§ THE INPUT:

↓

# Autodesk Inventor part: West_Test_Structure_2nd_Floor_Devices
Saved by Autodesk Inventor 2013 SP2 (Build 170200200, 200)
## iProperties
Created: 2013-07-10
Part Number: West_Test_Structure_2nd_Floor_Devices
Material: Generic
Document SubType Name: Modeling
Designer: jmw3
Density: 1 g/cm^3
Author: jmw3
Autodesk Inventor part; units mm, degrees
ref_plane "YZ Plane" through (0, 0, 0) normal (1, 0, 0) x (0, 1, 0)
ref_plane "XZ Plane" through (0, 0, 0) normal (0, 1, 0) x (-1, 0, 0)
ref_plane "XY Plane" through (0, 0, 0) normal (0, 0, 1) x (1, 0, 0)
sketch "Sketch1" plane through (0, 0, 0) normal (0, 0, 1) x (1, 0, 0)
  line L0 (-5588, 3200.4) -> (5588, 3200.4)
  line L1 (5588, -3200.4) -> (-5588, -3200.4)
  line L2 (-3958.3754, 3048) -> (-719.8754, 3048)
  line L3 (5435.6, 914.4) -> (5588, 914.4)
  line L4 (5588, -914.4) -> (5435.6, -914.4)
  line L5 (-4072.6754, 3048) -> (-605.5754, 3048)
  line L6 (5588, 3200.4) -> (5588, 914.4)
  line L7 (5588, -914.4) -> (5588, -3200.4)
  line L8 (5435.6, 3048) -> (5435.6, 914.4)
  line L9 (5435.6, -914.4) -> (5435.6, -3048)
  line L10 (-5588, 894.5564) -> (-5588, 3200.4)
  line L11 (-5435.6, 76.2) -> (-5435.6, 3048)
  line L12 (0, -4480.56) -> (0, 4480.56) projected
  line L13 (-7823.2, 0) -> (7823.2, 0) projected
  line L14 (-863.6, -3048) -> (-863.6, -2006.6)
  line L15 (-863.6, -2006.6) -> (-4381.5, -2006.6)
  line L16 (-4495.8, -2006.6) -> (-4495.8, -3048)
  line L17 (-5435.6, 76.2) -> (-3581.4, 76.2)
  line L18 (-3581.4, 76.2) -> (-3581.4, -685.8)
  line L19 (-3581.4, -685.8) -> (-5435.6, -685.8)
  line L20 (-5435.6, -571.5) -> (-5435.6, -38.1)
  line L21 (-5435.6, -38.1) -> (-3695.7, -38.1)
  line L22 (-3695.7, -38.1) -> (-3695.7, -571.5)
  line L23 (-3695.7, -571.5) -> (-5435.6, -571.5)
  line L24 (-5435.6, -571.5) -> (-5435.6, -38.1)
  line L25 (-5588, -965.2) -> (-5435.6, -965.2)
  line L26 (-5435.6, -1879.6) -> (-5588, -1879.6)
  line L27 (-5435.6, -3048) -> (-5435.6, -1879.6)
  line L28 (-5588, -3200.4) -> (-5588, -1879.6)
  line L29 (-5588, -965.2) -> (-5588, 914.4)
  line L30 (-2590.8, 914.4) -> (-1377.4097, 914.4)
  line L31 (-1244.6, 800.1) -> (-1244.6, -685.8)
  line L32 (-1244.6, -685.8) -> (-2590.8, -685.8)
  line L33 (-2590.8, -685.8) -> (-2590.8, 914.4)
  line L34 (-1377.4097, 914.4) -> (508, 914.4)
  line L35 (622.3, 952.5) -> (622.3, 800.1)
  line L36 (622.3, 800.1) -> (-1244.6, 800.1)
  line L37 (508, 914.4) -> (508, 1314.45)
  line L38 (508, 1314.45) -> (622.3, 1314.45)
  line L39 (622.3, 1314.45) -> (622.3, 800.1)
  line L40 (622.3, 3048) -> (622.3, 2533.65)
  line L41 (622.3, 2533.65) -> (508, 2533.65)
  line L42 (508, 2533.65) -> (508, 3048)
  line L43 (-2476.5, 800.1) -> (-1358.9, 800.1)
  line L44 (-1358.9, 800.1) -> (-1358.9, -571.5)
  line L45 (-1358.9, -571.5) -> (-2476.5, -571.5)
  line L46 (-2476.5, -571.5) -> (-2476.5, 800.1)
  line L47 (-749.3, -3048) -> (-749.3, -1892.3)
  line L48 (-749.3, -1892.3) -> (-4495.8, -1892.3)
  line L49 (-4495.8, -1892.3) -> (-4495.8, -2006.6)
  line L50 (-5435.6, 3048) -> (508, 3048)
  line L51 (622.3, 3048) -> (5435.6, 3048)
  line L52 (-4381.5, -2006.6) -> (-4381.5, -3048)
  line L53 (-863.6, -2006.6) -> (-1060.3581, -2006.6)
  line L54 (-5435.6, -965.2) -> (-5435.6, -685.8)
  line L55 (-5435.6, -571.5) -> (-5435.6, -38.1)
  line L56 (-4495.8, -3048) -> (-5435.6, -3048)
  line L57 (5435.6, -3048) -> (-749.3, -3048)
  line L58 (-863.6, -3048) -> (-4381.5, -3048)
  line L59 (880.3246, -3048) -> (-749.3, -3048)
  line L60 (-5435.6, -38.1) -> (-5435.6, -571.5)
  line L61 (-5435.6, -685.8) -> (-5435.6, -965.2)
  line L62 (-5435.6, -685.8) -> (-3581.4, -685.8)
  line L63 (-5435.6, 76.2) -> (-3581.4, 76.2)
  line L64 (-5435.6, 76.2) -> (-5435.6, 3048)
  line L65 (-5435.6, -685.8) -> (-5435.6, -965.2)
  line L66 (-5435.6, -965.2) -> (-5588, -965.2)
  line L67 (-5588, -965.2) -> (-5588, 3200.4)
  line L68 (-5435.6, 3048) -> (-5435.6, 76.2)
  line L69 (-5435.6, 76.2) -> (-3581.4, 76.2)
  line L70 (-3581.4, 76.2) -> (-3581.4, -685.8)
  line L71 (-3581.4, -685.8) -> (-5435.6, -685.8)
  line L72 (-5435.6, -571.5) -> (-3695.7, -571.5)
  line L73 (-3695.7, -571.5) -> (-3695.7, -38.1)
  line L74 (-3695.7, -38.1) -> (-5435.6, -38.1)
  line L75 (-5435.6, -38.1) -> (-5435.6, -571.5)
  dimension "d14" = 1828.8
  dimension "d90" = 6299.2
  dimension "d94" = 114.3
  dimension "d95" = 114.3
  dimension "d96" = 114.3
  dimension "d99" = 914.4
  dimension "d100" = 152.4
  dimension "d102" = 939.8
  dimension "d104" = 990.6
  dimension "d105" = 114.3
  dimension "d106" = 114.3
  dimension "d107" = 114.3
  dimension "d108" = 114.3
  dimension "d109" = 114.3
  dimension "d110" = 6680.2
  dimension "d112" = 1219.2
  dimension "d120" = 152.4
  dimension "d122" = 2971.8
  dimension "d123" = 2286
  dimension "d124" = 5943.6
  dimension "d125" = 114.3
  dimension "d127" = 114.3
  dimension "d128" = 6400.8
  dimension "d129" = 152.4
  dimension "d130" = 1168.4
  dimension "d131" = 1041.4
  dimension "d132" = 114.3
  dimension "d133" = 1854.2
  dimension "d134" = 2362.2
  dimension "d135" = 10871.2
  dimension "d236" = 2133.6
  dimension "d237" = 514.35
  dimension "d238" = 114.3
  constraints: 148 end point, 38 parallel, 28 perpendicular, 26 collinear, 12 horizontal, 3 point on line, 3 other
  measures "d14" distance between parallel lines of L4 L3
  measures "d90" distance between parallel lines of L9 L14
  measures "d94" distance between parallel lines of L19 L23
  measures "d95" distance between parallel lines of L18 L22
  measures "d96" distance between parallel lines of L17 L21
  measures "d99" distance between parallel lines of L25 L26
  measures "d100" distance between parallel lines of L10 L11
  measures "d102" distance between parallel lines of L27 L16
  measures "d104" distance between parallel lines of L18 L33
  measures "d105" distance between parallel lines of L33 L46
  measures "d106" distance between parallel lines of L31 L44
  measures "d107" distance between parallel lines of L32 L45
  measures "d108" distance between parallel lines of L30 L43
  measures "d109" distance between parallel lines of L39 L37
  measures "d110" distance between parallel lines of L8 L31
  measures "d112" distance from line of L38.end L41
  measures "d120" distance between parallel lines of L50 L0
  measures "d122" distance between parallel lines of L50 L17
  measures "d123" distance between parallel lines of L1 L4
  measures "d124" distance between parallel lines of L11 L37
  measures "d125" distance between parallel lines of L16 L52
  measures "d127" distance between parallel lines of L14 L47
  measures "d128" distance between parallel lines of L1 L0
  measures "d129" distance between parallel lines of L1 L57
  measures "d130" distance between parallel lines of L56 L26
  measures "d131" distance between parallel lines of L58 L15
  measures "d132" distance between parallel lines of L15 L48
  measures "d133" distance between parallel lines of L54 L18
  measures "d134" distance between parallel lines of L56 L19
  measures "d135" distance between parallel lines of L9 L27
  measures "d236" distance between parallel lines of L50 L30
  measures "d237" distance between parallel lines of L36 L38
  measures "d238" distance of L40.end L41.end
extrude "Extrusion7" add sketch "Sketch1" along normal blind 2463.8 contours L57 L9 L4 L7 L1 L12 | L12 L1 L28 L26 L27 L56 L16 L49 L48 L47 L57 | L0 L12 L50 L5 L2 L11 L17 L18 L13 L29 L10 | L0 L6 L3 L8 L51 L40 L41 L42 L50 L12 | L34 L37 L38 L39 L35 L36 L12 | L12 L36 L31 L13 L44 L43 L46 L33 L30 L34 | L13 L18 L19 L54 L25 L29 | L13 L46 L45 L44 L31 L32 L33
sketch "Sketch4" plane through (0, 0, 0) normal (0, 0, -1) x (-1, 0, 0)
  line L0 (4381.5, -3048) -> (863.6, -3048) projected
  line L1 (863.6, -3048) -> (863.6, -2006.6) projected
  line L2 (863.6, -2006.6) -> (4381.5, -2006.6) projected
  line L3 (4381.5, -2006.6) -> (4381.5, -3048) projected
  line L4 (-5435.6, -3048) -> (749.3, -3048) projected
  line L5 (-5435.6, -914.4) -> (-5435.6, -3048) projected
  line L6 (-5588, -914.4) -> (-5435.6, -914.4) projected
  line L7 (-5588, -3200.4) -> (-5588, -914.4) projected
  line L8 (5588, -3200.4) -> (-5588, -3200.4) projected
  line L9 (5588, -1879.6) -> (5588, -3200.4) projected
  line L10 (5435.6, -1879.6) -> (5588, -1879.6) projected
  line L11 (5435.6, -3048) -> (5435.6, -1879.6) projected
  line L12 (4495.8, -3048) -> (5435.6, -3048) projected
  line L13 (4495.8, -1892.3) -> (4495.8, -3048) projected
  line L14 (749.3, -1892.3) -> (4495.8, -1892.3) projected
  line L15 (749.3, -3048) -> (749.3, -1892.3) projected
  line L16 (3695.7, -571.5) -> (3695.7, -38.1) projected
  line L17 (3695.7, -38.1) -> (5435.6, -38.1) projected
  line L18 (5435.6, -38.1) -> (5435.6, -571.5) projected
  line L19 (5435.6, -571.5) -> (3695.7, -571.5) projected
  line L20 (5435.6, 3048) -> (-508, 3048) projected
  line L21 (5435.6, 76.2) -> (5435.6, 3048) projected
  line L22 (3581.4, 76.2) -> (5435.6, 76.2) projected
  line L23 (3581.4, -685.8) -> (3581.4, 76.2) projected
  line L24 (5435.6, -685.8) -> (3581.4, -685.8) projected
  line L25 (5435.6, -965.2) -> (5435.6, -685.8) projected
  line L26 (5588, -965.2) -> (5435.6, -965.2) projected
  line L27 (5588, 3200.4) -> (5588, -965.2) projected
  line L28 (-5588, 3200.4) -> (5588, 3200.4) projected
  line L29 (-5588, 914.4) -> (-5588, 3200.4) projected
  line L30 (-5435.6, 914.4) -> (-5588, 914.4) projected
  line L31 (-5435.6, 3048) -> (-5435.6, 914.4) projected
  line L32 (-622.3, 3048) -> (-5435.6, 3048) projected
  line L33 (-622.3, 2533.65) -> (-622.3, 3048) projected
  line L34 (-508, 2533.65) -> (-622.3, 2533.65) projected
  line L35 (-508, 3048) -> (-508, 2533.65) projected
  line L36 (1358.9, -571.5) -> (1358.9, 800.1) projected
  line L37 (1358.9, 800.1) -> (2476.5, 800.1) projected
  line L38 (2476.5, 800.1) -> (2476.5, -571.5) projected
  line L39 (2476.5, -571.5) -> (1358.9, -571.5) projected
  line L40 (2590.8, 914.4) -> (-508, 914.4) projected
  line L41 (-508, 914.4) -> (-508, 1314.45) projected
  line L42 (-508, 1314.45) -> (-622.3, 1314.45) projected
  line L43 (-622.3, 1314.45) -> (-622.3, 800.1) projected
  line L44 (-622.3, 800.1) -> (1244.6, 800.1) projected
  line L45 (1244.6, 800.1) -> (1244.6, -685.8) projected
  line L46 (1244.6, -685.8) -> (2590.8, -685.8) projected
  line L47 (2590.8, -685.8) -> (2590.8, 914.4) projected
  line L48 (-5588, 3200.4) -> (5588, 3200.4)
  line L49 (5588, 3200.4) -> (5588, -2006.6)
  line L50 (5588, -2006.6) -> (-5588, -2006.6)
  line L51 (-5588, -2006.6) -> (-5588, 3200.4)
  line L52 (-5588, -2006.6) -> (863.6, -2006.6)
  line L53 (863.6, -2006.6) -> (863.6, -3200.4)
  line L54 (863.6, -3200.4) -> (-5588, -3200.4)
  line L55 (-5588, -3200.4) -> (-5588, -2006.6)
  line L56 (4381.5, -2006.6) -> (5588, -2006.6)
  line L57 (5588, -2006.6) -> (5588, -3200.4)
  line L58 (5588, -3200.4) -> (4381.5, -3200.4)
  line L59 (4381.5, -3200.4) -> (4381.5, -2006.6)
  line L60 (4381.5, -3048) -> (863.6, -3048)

↑

What the task asks for is a word-for-word repeat of the lines above, from the first through the one containing "line L12 (0, -4480.56)".

# Autodesk Inventor part: West_Test_Structure_2nd_Floor_Devices
Saved by Autodesk Inventor 2013 SP2 (Build 170200200, 200)
## iProperties
Created: 2013-07-10
Part Number: West_Test_Structure_2nd_Floor_Devices
Material: Generic
Document SubType Name: Modeling
Designer: jmw3
Density: 1 g/cm^3
Author: jmw3
Autodesk Inventor part; units mm, degrees
ref_plane "YZ Plane" through (0, 0, 0) normal (1, 0, 0) x (0, 1, 0)
ref_plane "XZ Plane" through (0, 0, 0) normal (0, 1, 0) x (-1, 0, 0)
ref_plane "XY Plane" through (0, 0, 0) normal (0, 0, 1) x (1, 0, 0)
sketch "Sketch1" plane through (0, 0, 0) normal (0, 0, 1) x (1, 0, 0)
  line L0 (-5588, 3200.4) -> (5588, 3200.4)
  line L1 (5588, -3200.4) -> (-5588, -3200.4)
  line L2 (-3958.3754, 3048) -> (-719.8754, 3048)
  line L3 (5435.6, 914.4) -> (5588, 914.4)
  line L4 (5588, -914.4) -> (5435.6, -914.4)
  line L5 (-4072.6754, 3048) -> (-605.5754, 3048)
  line L6 (5588, 3200.4) -> (5588, 914.4)
  line L7 (5588, -914.4) -> (5588, -3200.4)
  line L8 (5435.6, 3048) -> (5435.6, 914.4)
  line L9 (5435.6, -914.4) -> (5435.6, -3048)
  line L10 (-5588, 894.5564) -> (-5588, 3200.4)
  line L11 (-5435.6, 76.2) -> (-5435.6, 3048)
  line L12 (0, -4480.56) -> (0, 4480.56) projected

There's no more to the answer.